### EXERCISE REQUIREMENTS
Reproduce, exactly and in full, only the lines below from the one containing "values from neighbouring" through the one containing "A = [1 0; 3 -1]".
━━━ RECORDS FOR PROCESSING ━━━
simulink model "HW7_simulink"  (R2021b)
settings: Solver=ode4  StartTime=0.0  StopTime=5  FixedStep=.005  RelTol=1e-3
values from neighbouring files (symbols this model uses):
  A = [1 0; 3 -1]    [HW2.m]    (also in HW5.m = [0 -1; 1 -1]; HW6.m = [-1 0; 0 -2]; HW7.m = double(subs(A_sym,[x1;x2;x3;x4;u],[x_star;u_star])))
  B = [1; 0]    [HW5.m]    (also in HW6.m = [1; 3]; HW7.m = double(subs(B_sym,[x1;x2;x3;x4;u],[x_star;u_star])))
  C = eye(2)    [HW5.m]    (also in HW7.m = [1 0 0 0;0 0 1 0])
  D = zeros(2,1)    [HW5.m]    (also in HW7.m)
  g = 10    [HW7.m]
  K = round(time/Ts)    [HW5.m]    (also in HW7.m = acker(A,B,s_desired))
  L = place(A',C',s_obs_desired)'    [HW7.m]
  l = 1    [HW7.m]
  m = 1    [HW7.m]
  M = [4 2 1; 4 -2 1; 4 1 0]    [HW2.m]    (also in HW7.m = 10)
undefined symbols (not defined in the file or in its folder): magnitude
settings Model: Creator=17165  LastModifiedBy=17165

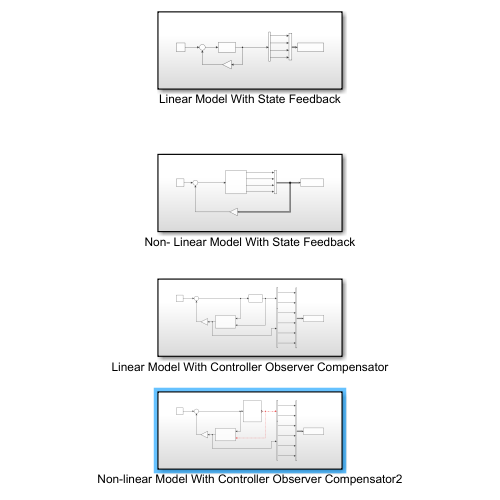
[thumbnail: Simulink's stored preview of the top-level diagram]
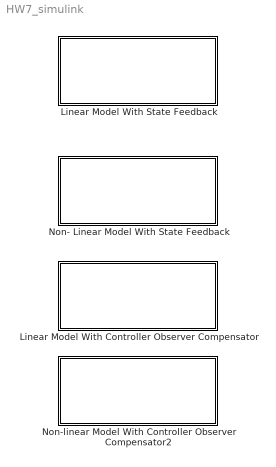
== system HW7_simulink ==
  Linear Model With Controller Observer Compensator : Subsystem
  Linear Model With State Feedback : Subsystem
  Non- Linear Model With State Feedback : Subsystem
  Non-linear Model With Controller Observer Compensator2 : Subsystem

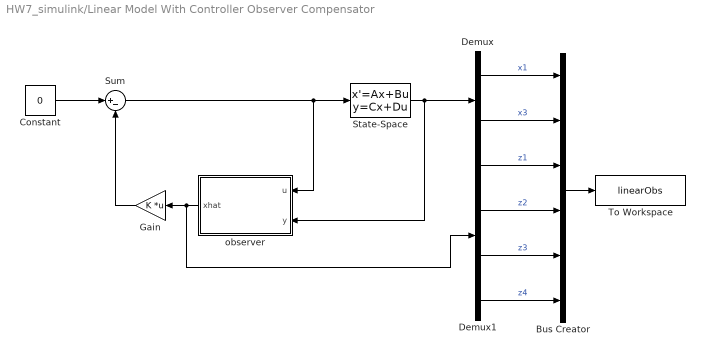
== system HW7_simulink/Linear Model With Controller Observer Compensator ==
  Bus Creator : BusCreator  Inputs=6
  Constant : Constant  Value=0
  Demux : Demux  Outputs=2
  Demux1 : Demux
  Gain : Gain  Gain=K  Multiplication=Matrix(K*u)
  State-Space : StateSpace  A=A  B=B  C=C  D=D  InitialCondition=[-2 3 -1 2]
  Sum : Sum  Inputs=|+-
  To Workspace : ToWorkspace  VariableName=linearObs  SaveFormat=Structure With Time  SampleTime=-1
  observer : Subsystem
  wires:
  State-Space/1 -> observer/2(y), Demux/1
  Constant/1 -> Sum/1
  Gain/1 -> Sum/2
  Sum/1 -> observer/1(u), State-Space/1
  Demux/1 -> Bus Creator/1  "x1"
  Demux/2 -> Bus Creator/2  "x3"
  Bus Creator/1 -> To Workspace/1
  observer/1(xhat) -> Demux1/1, Gain/1
  Demux1/1 -> Bus Creator/3  "z1"
  Demux1/2 -> Bus Creator/4  "z2"
  Demux1/3 -> Bus Creator/5  "z3"
  Demux1/4 -> Bus Creator/6  "z4"

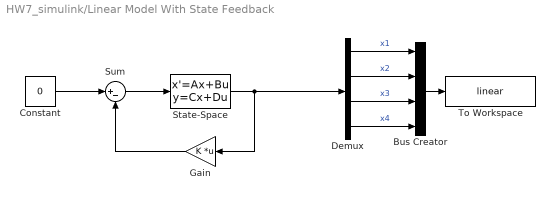
== system HW7_simulink/Linear Model With State Feedback ==
  Bus Creator : BusCreator  Inputs=4
  Constant : Constant  Value=0
  Demux : Demux
  Gain : Gain  Gain=K  Multiplication=Matrix(K*u)
  State-Space : StateSpace  A=A  B=B  C=eye(4)  D=zeros(4,1)  InitialCondition=[-2 3 -1 2]
  Sum : Sum  Inputs=|+-
  To Workspace : ToWorkspace  VariableName=linear  SaveFormat=Structure With Time  SampleTime=-1
  wires:
  State-Space/1 -> Gain/1, Demux/1
  Constant/1 -> Sum/1
  Gain/1 -> Sum/2
  Sum/1 -> State-Space/1
  Demux/1 -> Bus Creator/1  "x1"
  Demux/2 -> Bus Creator/2  "x2"
  Demux/3 -> Bus Creator/3  "x3"
  Demux/4 -> Bus Creator/4  "x4"
  Bus Creator/1 -> To Workspace/1

== system HW7_simulink/Non- Linear Model With State Feedback ==
  Bus Creator : BusCreator  Inputs=4
  Constant : Constant  Value=0
  Gain : Gain  Gain=K  Multiplication=Matrix(K*u)
  Subsystem : Subsystem
      mask Display: disp('Non-linear Model')
  Sum : Sum  Inputs=|+-
  To Workspace : ToWorkspace  VariableName=nonlinear  SaveFormat=Structure With Time  SampleTime=-1
  wires:
  Constant/1 -> Sum/1
  Gain/1 -> Sum/2
  Sum/1 -> Subsystem/1(u)
  Subsystem/1(x1) -> Bus Creator/1  "x1"
  Subsystem/2(x2) -> Bus Creator/2  "x2"
  Subsystem/3(x3) -> Bus Creator/3  "x3"
  Subsystem/4(x4) -> Bus Creator/4  "x4"
  Bus Creator/1 -> Gain/1, To Workspace/1

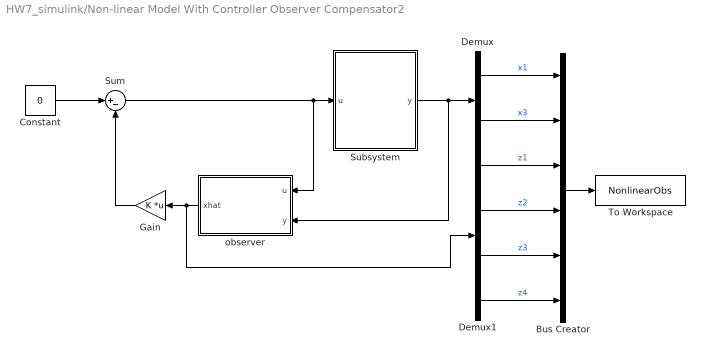
== system HW7_simulink/Non-linear Model With Controller Observer Compensator2 ==
  Bus Creator : BusCreator  Inputs=6
  Constant : Constant  Value=0
  Demux : Demux  Outputs=2
  Demux1 : Demux
  Gain : Gain  Gain=K  Multiplication=Matrix(K*u)
  Subsystem : Subsystem
      mask Display: disp('Non-linear Model')
  Sum : Sum  Inputs=|+-
  To Workspace : ToWorkspace  VariableName=NonlinearObs  SaveFormat=Structure With Time  SampleTime=-1
  observer : Subsystem
  wires:
  Demux1/4 -> Bus Creator/6  "z4"
  Demux1/3 -> Bus Creator/5  "z3"
  Demux1/2 -> Bus Creator/4  "z2"
  Demux1/1 -> Bus Creator/3  "z1"
  observer/1(xhat) -> Gain/1, Demux1/1
  Bus Creator/1 -> To Workspace/1
  Demux/2 -> Bus Creator/2  "x3"
  Demux/1 -> Bus Creator/1  "x1"
  Sum/1 -> observer/1(u), Subsystem/1(u)
  Gain/1 -> Sum/2
  Constant/1 -> Sum/1
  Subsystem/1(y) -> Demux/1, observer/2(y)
━━━
### REPLY TO THE EXERCISE
values from neighbouring files (symbols this model uses):
  A = [1 0; 3 -1]    [HW2.m]    (also in HW5.m = [0 -1; 1 -1]; HW6.m = [-1 0; 0 -2]; HW7.m = double(subs(A_sym,[x1;x2;x3;x4;u],[x_star;u_star])))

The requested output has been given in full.